▼▼▼

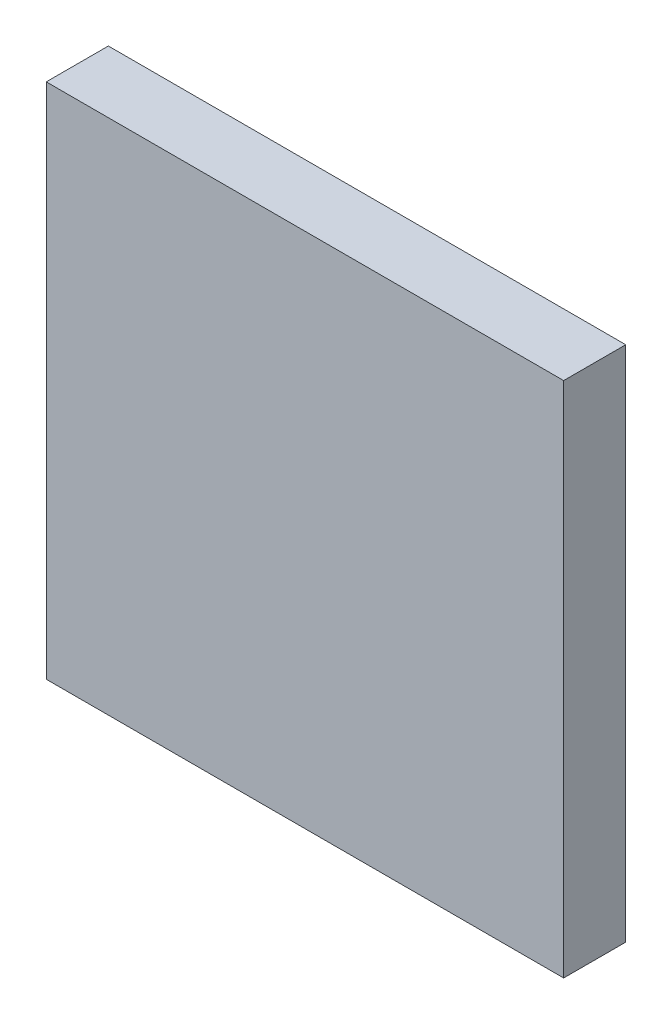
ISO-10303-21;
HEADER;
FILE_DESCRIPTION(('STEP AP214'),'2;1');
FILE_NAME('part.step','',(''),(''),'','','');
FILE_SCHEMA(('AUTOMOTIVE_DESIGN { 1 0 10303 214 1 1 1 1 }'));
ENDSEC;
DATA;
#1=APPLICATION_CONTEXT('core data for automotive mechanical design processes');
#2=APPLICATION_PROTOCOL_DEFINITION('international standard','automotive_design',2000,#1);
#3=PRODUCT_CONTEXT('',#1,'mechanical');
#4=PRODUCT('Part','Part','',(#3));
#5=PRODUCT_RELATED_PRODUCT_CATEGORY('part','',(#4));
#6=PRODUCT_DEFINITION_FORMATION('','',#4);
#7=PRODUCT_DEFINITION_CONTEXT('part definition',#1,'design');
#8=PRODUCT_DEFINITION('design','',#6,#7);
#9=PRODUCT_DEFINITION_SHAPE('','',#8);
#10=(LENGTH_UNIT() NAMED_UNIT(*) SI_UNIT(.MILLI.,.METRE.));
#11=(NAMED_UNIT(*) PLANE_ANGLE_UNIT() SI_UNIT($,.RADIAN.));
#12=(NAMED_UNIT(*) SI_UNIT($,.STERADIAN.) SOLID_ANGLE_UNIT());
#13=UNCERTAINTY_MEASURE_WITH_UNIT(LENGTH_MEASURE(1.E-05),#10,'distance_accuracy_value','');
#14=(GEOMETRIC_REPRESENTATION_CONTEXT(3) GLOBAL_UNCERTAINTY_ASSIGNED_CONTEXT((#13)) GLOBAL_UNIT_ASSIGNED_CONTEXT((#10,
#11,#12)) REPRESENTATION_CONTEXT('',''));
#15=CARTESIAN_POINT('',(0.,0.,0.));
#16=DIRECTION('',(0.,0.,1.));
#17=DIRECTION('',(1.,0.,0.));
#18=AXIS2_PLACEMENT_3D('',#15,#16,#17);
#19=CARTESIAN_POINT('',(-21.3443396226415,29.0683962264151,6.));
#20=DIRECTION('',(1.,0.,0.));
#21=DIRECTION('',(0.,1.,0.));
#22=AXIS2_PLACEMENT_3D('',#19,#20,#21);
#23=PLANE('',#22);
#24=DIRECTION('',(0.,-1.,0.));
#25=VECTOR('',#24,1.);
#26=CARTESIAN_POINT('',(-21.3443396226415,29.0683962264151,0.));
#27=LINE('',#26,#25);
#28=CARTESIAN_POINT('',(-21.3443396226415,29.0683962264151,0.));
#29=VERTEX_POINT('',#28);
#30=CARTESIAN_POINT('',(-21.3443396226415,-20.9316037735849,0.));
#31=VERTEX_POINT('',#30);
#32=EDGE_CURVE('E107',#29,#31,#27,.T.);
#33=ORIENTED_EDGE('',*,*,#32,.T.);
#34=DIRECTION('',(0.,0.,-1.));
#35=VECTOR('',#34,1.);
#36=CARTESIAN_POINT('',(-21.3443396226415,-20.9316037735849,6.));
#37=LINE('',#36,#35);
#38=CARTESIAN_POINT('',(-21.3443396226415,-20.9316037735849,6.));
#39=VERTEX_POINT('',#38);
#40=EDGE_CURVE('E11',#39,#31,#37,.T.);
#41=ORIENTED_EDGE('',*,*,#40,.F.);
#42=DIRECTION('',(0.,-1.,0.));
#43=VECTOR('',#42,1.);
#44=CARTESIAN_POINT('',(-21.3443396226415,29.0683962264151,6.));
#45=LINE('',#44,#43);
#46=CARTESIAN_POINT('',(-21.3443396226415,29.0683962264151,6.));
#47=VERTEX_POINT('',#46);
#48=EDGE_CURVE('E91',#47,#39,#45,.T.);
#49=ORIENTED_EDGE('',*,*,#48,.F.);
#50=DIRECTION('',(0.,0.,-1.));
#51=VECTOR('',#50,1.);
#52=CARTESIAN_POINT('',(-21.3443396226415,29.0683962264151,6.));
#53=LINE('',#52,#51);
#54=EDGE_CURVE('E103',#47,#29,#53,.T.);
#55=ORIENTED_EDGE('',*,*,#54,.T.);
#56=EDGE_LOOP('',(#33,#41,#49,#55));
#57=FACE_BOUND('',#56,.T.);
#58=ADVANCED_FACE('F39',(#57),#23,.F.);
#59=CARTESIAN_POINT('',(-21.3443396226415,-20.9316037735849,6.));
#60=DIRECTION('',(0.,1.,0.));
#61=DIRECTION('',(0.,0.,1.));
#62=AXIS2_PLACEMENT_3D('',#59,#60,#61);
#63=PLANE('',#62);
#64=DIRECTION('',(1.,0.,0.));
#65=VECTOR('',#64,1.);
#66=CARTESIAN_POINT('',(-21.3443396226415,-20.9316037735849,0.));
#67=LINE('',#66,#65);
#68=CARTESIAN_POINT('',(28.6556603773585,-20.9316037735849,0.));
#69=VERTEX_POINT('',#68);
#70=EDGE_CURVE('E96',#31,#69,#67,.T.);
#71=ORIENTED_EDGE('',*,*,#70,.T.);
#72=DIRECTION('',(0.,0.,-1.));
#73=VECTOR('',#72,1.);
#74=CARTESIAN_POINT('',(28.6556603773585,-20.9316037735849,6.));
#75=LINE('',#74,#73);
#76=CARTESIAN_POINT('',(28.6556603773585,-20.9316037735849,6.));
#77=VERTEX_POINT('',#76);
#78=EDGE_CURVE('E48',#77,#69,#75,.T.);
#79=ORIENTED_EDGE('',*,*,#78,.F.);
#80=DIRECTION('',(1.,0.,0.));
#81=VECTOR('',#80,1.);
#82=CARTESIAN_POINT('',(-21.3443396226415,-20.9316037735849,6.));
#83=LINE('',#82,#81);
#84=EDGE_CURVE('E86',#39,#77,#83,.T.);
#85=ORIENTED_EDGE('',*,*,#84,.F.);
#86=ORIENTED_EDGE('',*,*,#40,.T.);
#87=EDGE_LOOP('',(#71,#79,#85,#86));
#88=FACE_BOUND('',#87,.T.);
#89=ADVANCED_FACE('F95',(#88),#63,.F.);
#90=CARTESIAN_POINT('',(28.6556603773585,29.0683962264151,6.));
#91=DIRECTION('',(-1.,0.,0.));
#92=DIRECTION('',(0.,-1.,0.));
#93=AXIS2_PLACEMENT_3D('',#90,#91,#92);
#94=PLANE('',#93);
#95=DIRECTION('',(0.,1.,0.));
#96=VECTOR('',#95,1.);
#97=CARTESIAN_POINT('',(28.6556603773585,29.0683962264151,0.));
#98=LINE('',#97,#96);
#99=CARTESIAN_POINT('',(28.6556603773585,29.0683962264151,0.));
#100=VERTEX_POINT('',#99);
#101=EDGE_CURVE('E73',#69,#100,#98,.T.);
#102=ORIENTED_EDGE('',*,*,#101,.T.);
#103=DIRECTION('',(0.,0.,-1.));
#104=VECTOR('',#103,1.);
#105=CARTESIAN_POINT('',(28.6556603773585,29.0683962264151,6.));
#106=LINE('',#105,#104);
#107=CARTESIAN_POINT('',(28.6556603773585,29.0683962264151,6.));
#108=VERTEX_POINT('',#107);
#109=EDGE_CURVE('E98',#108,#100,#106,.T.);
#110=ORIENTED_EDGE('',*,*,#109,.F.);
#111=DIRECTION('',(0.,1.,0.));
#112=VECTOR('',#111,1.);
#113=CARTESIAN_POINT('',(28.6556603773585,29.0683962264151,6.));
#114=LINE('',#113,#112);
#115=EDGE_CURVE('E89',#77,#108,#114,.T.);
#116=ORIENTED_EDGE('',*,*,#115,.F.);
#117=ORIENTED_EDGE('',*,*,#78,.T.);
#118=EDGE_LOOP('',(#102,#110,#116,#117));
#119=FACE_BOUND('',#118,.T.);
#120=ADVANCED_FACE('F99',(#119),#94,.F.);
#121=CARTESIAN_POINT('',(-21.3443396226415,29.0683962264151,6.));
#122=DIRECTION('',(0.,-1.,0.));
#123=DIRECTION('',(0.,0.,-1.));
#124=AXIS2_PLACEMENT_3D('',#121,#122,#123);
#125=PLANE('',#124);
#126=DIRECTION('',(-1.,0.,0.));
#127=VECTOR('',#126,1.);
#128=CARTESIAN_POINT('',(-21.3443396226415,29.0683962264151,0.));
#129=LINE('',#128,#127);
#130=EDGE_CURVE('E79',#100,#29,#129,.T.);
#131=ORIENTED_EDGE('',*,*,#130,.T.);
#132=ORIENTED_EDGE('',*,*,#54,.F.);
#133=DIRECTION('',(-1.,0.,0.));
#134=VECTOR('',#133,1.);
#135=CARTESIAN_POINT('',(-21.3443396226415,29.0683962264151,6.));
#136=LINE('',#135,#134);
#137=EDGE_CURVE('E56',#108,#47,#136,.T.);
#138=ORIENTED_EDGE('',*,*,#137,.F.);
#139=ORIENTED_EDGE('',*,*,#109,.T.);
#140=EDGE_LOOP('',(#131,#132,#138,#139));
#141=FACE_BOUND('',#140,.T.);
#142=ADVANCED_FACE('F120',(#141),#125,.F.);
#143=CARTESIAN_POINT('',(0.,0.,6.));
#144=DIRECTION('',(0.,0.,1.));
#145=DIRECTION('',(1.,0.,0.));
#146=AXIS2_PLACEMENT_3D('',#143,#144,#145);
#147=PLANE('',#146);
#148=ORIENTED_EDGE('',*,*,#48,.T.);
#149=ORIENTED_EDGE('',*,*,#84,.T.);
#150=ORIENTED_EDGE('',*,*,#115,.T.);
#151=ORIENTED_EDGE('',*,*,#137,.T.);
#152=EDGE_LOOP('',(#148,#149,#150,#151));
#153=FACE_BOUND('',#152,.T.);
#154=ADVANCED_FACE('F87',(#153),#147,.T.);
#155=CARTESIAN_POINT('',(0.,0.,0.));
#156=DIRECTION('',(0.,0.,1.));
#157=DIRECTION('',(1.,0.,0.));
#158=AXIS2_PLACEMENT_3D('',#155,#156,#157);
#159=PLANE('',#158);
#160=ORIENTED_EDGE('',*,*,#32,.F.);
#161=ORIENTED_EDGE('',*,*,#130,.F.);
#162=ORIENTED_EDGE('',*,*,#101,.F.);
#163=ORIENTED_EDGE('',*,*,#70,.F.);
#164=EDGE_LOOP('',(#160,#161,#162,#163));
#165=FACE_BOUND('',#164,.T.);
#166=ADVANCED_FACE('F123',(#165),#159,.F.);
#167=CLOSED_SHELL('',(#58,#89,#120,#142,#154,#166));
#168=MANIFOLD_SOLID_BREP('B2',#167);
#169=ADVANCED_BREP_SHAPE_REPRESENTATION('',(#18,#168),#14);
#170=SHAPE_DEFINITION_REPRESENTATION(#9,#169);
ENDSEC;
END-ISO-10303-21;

▲▲▲

*WHAT THE TASK ASKS:* Could you reproduce exactly the lines of the entries above, from the one with "#55=ORIENTED_EDGE('',*,*,#54,.T.);" through the one with "#89=ADVANCED_FACE('F95',(#88),#63,.F.);", and nothing else?

*RESPONSE TO THIS EXERCISE:*
#55=ORIENTED_EDGE('',*,*,#54,.T.);
#56=EDGE_LOOP('',(#33,#41,#49,#55));
#57=FACE_BOUND('',#56,.T.);
#58=ADVANCED_FACE('F39',(#57),#23,.F.);
#59=CARTESIAN_POINT('',(-21.3443396226415,-20.9316037735849,6.));
#60=DIRECTION('',(0.,1.,0.));
#61=DIRECTION('',(0.,0.,1.));
#62=AXIS2_PLACEMENT_3D('',#59,#60,#61);
#63=PLANE('',#62);
#64=DIRECTION('',(1.,0.,0.));
#65=VECTOR('',#64,1.);
#66=CARTESIAN_POINT('',(-21.3443396226415,-20.9316037735849,0.));
#67=LINE('',#66,#65);
#68=CARTESIAN_POINT('',(28.6556603773585,-20.9316037735849,0.));
#69=VERTEX_POINT('',#68);
#70=EDGE_CURVE('E96',#31,#69,#67,.T.);
#71=ORIENTED_EDGE('',*,*,#70,.T.);
#72=DIRECTION('',(0.,0.,-1.));
#73=VECTOR('',#72,1.);
#74=CARTESIAN_POINT('',(28.6556603773585,-20.9316037735849,6.));
#75=LINE('',#74,#73);
#76=CARTESIAN_POINT('',(28.6556603773585,-20.9316037735849,6.));
#77=VERTEX_POINT('',#76);
#78=EDGE_CURVE('E48',#77,#69,#75,.T.);
#79=ORIENTED_EDGE('',*,*,#78,.F.);
#80=DIRECTION('',(1.,0.,0.));
#81=VECTOR('',#80,1.);
#82=CARTESIAN_POINT('',(-21.3443396226415,-20.9316037735849,6.));
#83=LINE('',#82,#81);
#84=EDGE_CURVE('E86',#39,#77,#83,.T.);
#85=ORIENTED_EDGE('',*,*,#84,.F.);
#86=ORIENTED_EDGE('',*,*,#40,.T.);
#87=EDGE_LOOP('',(#71,#79,#85,#86));
#88=FACE_BOUND('',#87,.T.);
#89=ADVANCED_FACE('F95',(#88),#63,.F.);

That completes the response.